Una perdita secca di credibilità, tema di cultura politica, come ha giustamente scritto Chiara Saraceno, una campagna elettorale che non ha valorizzato neanche le cose ottenute, da assegno per figli, agli investimenti nei servizi ma neanche le proposte, frutto di una cultura politica che ha messo al centro la cura del pianeta delle persone delle relazioni. Tema condivisione lavoro di cura e piano occupazione femminile.

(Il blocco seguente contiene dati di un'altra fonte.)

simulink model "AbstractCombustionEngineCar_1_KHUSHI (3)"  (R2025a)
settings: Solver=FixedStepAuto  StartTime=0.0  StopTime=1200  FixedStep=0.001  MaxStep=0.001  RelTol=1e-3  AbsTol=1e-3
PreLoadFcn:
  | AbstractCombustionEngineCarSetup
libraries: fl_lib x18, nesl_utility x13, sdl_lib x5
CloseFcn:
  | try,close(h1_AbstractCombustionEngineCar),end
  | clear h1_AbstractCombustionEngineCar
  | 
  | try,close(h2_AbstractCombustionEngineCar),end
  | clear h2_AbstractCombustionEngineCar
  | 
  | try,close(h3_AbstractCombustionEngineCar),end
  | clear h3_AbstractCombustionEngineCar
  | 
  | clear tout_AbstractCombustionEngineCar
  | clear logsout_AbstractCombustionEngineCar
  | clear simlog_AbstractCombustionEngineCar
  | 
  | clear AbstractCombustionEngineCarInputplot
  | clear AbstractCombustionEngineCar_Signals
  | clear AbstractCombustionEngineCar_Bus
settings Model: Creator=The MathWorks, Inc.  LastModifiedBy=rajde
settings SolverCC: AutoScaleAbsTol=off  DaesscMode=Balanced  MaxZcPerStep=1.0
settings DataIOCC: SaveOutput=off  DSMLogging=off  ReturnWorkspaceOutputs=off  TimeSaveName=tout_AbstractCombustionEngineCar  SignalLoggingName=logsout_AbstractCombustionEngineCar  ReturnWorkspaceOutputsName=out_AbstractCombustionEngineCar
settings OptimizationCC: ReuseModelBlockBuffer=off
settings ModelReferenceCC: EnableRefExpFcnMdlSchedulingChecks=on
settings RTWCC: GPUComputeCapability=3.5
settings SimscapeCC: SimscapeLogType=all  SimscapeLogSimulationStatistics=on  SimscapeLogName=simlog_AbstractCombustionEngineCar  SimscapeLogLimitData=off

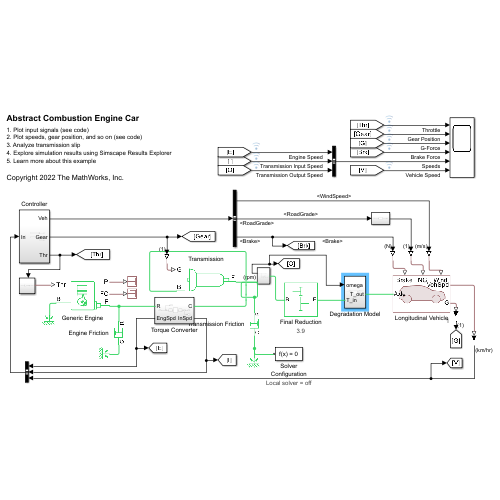
[thumbnail: Simulink's stored preview of the top-level diagram]
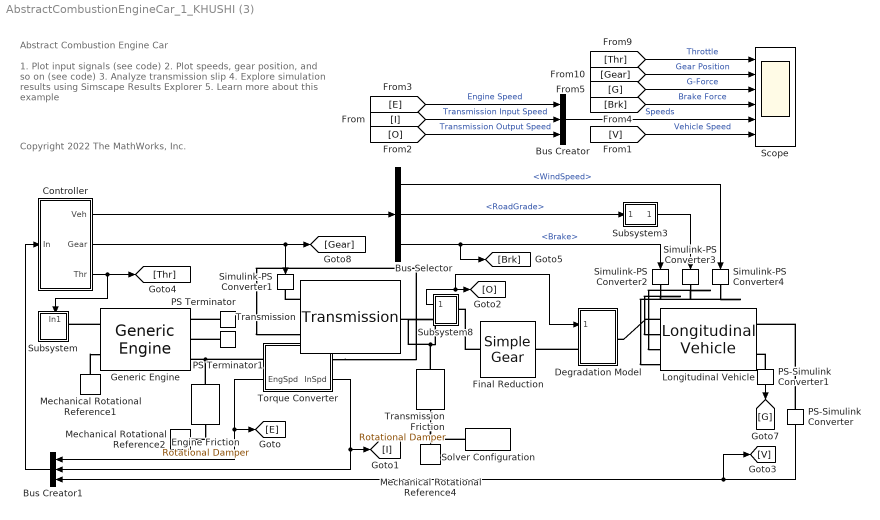
== system AbstractCombustionEngineCar_1_KHUSHI (3) ==
  note: 1. Plot input signals (see code)
      | 2. Plot speeds, gear position, and so on (see code)
      | 3. Analyze transmission slip
      | 4. Explore simulation results using Simscape Results Explorer
      | 5. Learn more about this example
  note: Abstract Combustion Engine Car
  note: Copyright 2022 The MathWorks, Inc.
  Bus Creator : BusCreator  Inputs=3
  Bus Creator1 : BusCreator  Inputs=3
  Bus Selector : BusSelector  OutputSignals=WindSpeed,RoadGrade,Brake
  Controller : Subsystem
  Degradation Model : Subsystem
  Engine Friction : fl_lib/Mechanical/Rotational Elements/Rotational Damper  D=0.01 N*m/rpm  w_specify=off  w_priority=None  w=0 rad/s  w_nominal_specify=off  w_nominal_value=1  w_nominal_unit=rad/s  t_specify=off  t_priority=None  t=0 N*m  t_nominal_specify=off  t_nominal_value=1  t_nominal_unit=N*m
  Final Reduction : sdl_lib/Gears/Simple Gear  ratio=3.9  rotation_direction=sdl.enum.shaftOutputDirection.same  friction_model=sdl.enum.gear_efficiencies_load.off  T_noload=0.1 N*m  T_nom=5 N*m  efficiency_nom=0.8  efficiency=0.8  temperature_TLU=[280, 300, 320] K  load_TLU=[1, 5, 10] N*m  efficiency_TLU=[.95, .9, .85]  efficiency_TLU2=[.85, .8, .75; .95, .9, .85; .85, .8, .7]  w_thr=0.01 rad/s  pwr_thr=0.001 W  enable_backlash=false  hardstop_model=simscape.enum.hardstop.smooth  backlash_distance=1e-3 mm  r_base=0.1 m  transition=1e-4 mm  backlash_stiffness=1e7 N/m  backlash_damping=1e6 N*s/m  coeff_rest=0  v_tol=0.001 m/s  f_tol=0 N  mu_visc=[0, 0] N*m*s/rad  thermal_mass=50 J/K  temperature_specify=off  temperature_priority=High  temperature=300 K  temperature_nominal_specify=off  temperature_nominal_value=1  temperature_nominal_unit=K  x_backlash_specify=off  x_backlash_priority=None  x_backlash=0 mm  x_backlash_nominal_specify=off  x_backlash_nominal_value=1  x_backlash_nominal_unit=mm  f_hardstop_specify=off  f_hardstop_priority=None  f_hardstop=0 N  f_hardstop_nominal_specify=off  f_hardstop_nominal_value=1  f_hardstop_nominal_unit=N  v_backlash_specify=off  v_backlash_priority=None  v_backlash=0 m/s  v_backlash_nominal_specify=off  v_backlash_nominal_value=1  v_backlash_nominal_unit=m/s
      settings: AttributesFormatString=%<ratio>
  Generic Engine : sdl_lib/Engines & Motors/Generic Engine  input_type=sdl.enum.GenericEngineInputType.NormalizedThrottle  model_parameterization=sdl.enum.engineParameterization.polynomial  engine_type=sdl.enum.engineType.SI  Trq_max=380 N*m  w_Trq_max=4300 rpm  P_max=150 kW  w_P_max=4500 rpm  w_max=6000 rpm  w_min=500 rpm  w_tab=[500, 1000, 2000, 3000, 4000, 5000, 6000, 7000] rpm  trq_tab=[380, 380, 380, 380, 350, 280, 200, 80] N*m  pwr_tab=[20, 40, 78, 120, 145, 148, 125, 60] kW  interp_method=simscape.enum.interpolation.linear  w_thr=100 rpm  model_inertia=sdl.enum.model_inertia.on  inertia=0.02 kg*m^2  initial_velocity=800 rpm  model_time_constant=sdl.enum.lagOffOn.off  time_constant=0.2 s  initial_normalized_throttle=0  fc_model=sdl.enum.fuel_consumption_model.FuelOff  fc_per_rev=25 mg/rev  fc_w_tab=[1000, 2000, 3000, 4000, 5000, 6000] rpm  fc_trq_tab=[0, 80, 160, 200, 240, 320, 360, 400] N*m  fc_tab=[.5, .9, 1.4, 1.6, 1.9, 2.7, 3.4, 4.4; 1, 1.7, 2.7, 3.1, 3.6, 5, 6, 7.4; 1.4, 2.7, 4, 4.8, 5.6, 7.5, 8.5, 10.5; 2, 3.6, 5.8, 6.7, 8, 10.4, 11.7, 13.3; 2.5, 4.8, 7.9, 9.4, 10.8, 14, 16.2, 18.6; 3.1, 6, 10.3, 11.9, 13.8, 18.4, 22, 26.5] g/s  bmep_tab=[0, 250, 500, 625, 750, 1000, 1150, 1250] kPa  bsfc_tab=[410, 380, 300, 280, 270, 290, 320, 380; 410, 370, 290, 270, 260, 270, 285, 320; 415, 380, 290, 275, 265, 270, 270, 300; 420, 390, 310, 290, 285, 280, 280, 285; 430, 410, 340, 320, 310, 300, 310, 320; 450, 430, 370, 340, 330, 330, 350, 380] g/(hr*kW)  fc_interp_method=simscape.enum.interpolation.linear  displaced_volume=400 cm^3  rev_per_cycle=2  idle_speed=simscape.enum.onoff.on  idle_speed_reference=800 rpm  tau_controller=0.1 s  idle_w_thr=10 rpm  redline=simscape.enum.onoff.off  redline_speed=7500 rpm  tau_redline=1 s  redline_w_thr=1 rpm
      settings: InternalSimscapePortConfiguration="{\"Bottom\":[],\"Left\":[{\"id\":\"ThrNorm\",\"label\":\"Thr\",\"type\":\"input\"},{\"id\":\"B\",\"label\":\"B\",\"type\":\"foundation.mechanical.rotational.rotational\"}],\"Right\":[{\"id\":\"P\",\"label\":\"P\",\"type\":\"output\"},{\"id\":\"FC\",\"label\":\"FC\",\"type\":\"output\"},{\"id\":\"F\",\"label\":\"F\",\"type\":\"foundation.mechanical.rotational.rotational\"}],\"Top\":[]}"
  Longitudinal Vehicle : sdl_lib/Tires & Vehicles/Longitudinal Vehicle  vehParamType=sdl.enum.VehicleParameterizationType.Large  M_vehicle=1200 kg  R_tireroll=0.3 m  C_tireroll=0.0136  C_airdrag=0.31  A_front=2.3 m^2  A_rl=120 N  B_rl=1.8 N*s/m  C_rl=0.389 N*s^2/m^2  g=9.81 m/s^2  V_1=0.3 m/s  w_1=0.01 rad/s  ShowBrakeIn=simscape.enum.onoff.on  ShowSlopeIn=simscape.enum.onoff.on  SlopeInputType=sdl.enum.VehicleLongitudinalRoadSlopeInputType.Grade  ShowWindIn=simscape.enum.onoff.on  ShowGOut=simscape.enum.onoff.on  air_density=1.184 kg/m^3  V_x_specify=off  V_x_priority=High  V_x=0 km/hr  V_x_nominal_specify=off  V_x_nominal_value=1  V_x_nominal_unit=m/s  trq_specify=off  trq_priority=None  trq=0 N*m  trq_nominal_specify=off  trq_nominal_value=1  trq_nominal_unit=N*m  w_specify=off  w_priority=None  w=0 rad/s  w_nominal_specify=off  w_nominal_value=1  w_nominal_unit=rad/s
      settings: InternalSimscapePortConfiguration="{\"Bottom\":[],\"Left\":[{\"id\":\"Axle\",\"label\":\"Axle\",\"type\":\"foundation.mechanical.rotational.rotational\"}],\"Right\":[{\"id\":\"v_out\",\"label\":\"VehSpd\",\"type\":\"output\"},{\"id\":\"G_out\",\"label\":\"G\",\"type\":\"output\"}],\"Top\":[{\"id\":\"brkF\",\"label\":\"Brake\",\"type\":\"input\"},{\"id\":\"grade_norm\",\"label\":\"NG\",\"type\":\"input\"},{\"id\":\"V_wind\",\"label\":\"Wind\",\"type\":\"input\"}]}"
  Mechanical Rotational Reference1 : fl_lib/Mechanical/Rotational Elements/Mechanical Rotational Reference
  Mechanical Rotational Reference2 : fl_lib/Mechanical/Rotational Elements/Mechanical Rotational Reference
  Mechanical Rotational Reference4 : fl_lib/Mechanical/Rotational Elements/Mechanical Rotational Reference
  PS Terminator : fl_lib/Physical Signals/Sinks/PS Terminator
  PS Terminator1 : fl_lib/Physical Signals/Sinks/PS Terminator
  PS-Simulink Converter : nesl_utility/PS-Simulink Converter  PhysicalDomain=network_engine_domain  SubClassName=ps_output  LeftPortType=input  RightPortType=output  PseudoPeriodic=off  Frequencies=[]  VectorFormat=inherit  Unit=km/hr  AffineConversion=off
  PS-Simulink Converter1 : nesl_utility/PS-Simulink Converter  PhysicalDomain=network_engine_domain  SubClassName=ps_output  LeftPortType=input  RightPortType=output  PseudoPeriodic=off  Frequencies=[]  VectorFormat=inherit  Unit=1  AffineConversion=off
  Scope : Scope  NumInputPorts=6
      settings: ActiveDisplayYMinimum=-11.25  ActiveDisplayYMaximum=101.25
  Simulink-PS Converter1 : nesl_utility/Simulink-PS Converter  PhysicalDomain=network_engine_domain  SubClassName=ps_input  LeftPortType=input  RightPortType=output  PseudoPeriodic=off  Frequencies=[]  NoiseDistribution=none  NoiseParameters=[]  Unit=1  AffineConversion=off  FilteringAndDerivatives=provide  SimscapeFilterOrder=1  InputFilterTimeConstant=0.001  UdotUserProvided=0
  Simulink-PS Converter2 : nesl_utility/Simulink-PS Converter  PhysicalDomain=network_engine_domain  SubClassName=ps_input  LeftPortType=input  RightPortType=output  PseudoPeriodic=off  Frequencies=[]  NoiseDistribution=none  NoiseParameters=[]  Unit=N  AffineConversion=off  FilteringAndDerivatives=provide  SimscapeFilterOrder=1  InputFilterTimeConstant=0.001  UdotUserProvided=0
  Simulink-PS Converter3 : nesl_utility/Simulink-PS Converter  PhysicalDomain=network_engine_domain  SubClassName=ps_input  LeftPortType=input  RightPortType=output  PseudoPeriodic=off  Frequencies=[]  NoiseDistribution=none  NoiseParameters=[]  Unit=1  AffineConversion=off  FilteringAndDerivatives=provide  SimscapeFilterOrder=1  InputFilterTimeConstant=0.001  UdotUserProvided=0
  Simulink-PS Converter4 : nesl_utility/Simulink-PS Converter  PhysicalDomain=network_engine_domain  SubClassName=ps_input  LeftPortType=input  RightPortType=output  PseudoPeriodic=off  Frequencies=[]  NoiseDistribution=none  NoiseParameters=[]  Unit=m/s  AffineConversion=off  FilteringAndDerivatives=provide  SimscapeFilterOrder=1  InputFilterTimeConstant=0.001  UdotUserProvided=0
  Solver Configuration : nesl_utility/Solver Configuration  PhysicalDomain=network_engine_domain  SubClassName=solver  LeftPortType=input  RightPortType=generic  Tones=[]  Harmonics=[]  SimulateNoise=off  Profile=off  UseLocalSampling=off  EnableSwitchedLinearOptims=on  FrequencyDomain=off  UseCCode=off  RelTol=0.001  AbsTol=0.001  MinStep=1e-09  ToWorkspace=off  RevertToSquareIcSolve=off  NumHomotopyIterations=100  PhasorMode=off  PhasorModeNumHarmonics=1  ConsistencySolver=NEWTON_XTOL_AFTER_FTOL  IndexReductionMethod=DerivativeReplacement  DoDC=off  ResidualTolerance=1e-09  ConsistencyTolSource=GLOBAL  ConsistencyAbsTol=0.001  ConsistencyRelTol=0.001  ConsistencyTolFactor=0.001  UseLocalSolver=off  LocalSolverChoice=NE_BACKWARD_EULER_ADVANCER  ResolveIndetEquations=on  FunctionEvalNumThread=1  LocalSolverSampleTime=0.001  DoFixedCost=off  MaxNonlinIter=3  MaxModeIter=2  ComputeImpulses=off  ImpulseIterations=2  LinearAlgebra=auto  LinearAlgebraNumThread=0  EquationFormulation=NE_TIME_EF  DelaysMemoryBudget=1024  AutomaticFiltering=on  FilteringTimeConstant=0.001  PartitionStorageMethod=AS_NEEDED  PartitionMemoryBudget=1024  PartitionMethod=ROBUST  MultibodyUseLocalSolver=off  MultibodyLocalSolverChoice=ODE1  MultibodyLocalSolverSampleTime=0.001
      settings: AttributesFormatString=Local solver = %<UseLocalSolver>
  Subsystem : Subsystem
      settings: PortSchema="{\"entries\":[{\"content\":{\"sides\":[{\"content\":{\"connectorIds\":[]},\"type\":\"ConnectorPlacement.EquallySpacedRectSide\",\"uuid\":\"38476285-4b1d-4cfe-b9ba-56388b6e142d\"},{\"content\":{\"connectorIds\":[\"RConn1\"],\"side\":\"RIGHT\"},\"type\":\"ConnectorPlacement.EquallySpacedRectSide\",\"uuid\":\"ba0e92dd-90b0-4ff2-bfbd-3d18e117ce00\"},{\"content\":{\"connectorIds\":[\"In1\"],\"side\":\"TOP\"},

Siamo state in questi due anni dalla sua ricostituzione protagoniste della discussione del Pnrr, dell’elaborazione di una piattaforma politico programmatica per l’occupazione femminile, la condivisione del lavoro di cura, la riforma del welfare, delle politiche di contrasto alla violenza di genere e della promozione della salute riproduttiva e sessuale. Sono proposte entrate nel programma, ma non valorizzate nella campagna elettorale, nella quale sono emerse solo in contrasto alla strumentalizzazione della violenza di genere fatta da Meloni e ai suoi attacchi alla legge 194.
Nonostante il nostro impegno a livello centrale e in diverse regioni, c’è stata nella composizione delle liste e nella conduzione della campagna elettorale un mancato coinvolgimento del luogo autonomo delle donne. E questo attiene alla costituzione materiale di quello che siamo, che va cambiata.
Chiediamo noi un congresso vero, una fase di discussione congressuale costituente. Vogliamo che sia aperta, per questo promuoveremo una grande assemblea nel sud d’Italia, con le donne meridionali.
Il congresso è già in quello che facciamo, nei prossimi giorni organizzeremo opposizione, chi la guiderà. Non solo nessun passo indietro, credo che dovremmo indicare donne nelle presidenze del parlamento e dei gruppi.
Sono passaggi istituzionali decisivi per la definizione del profilo dell’opposizione, l’elezione delle presidenze dei gruppi e di Camera e Senato.
Cambiamento e opposizione iniziano da queste scelte. Diamo il segno di aver capito.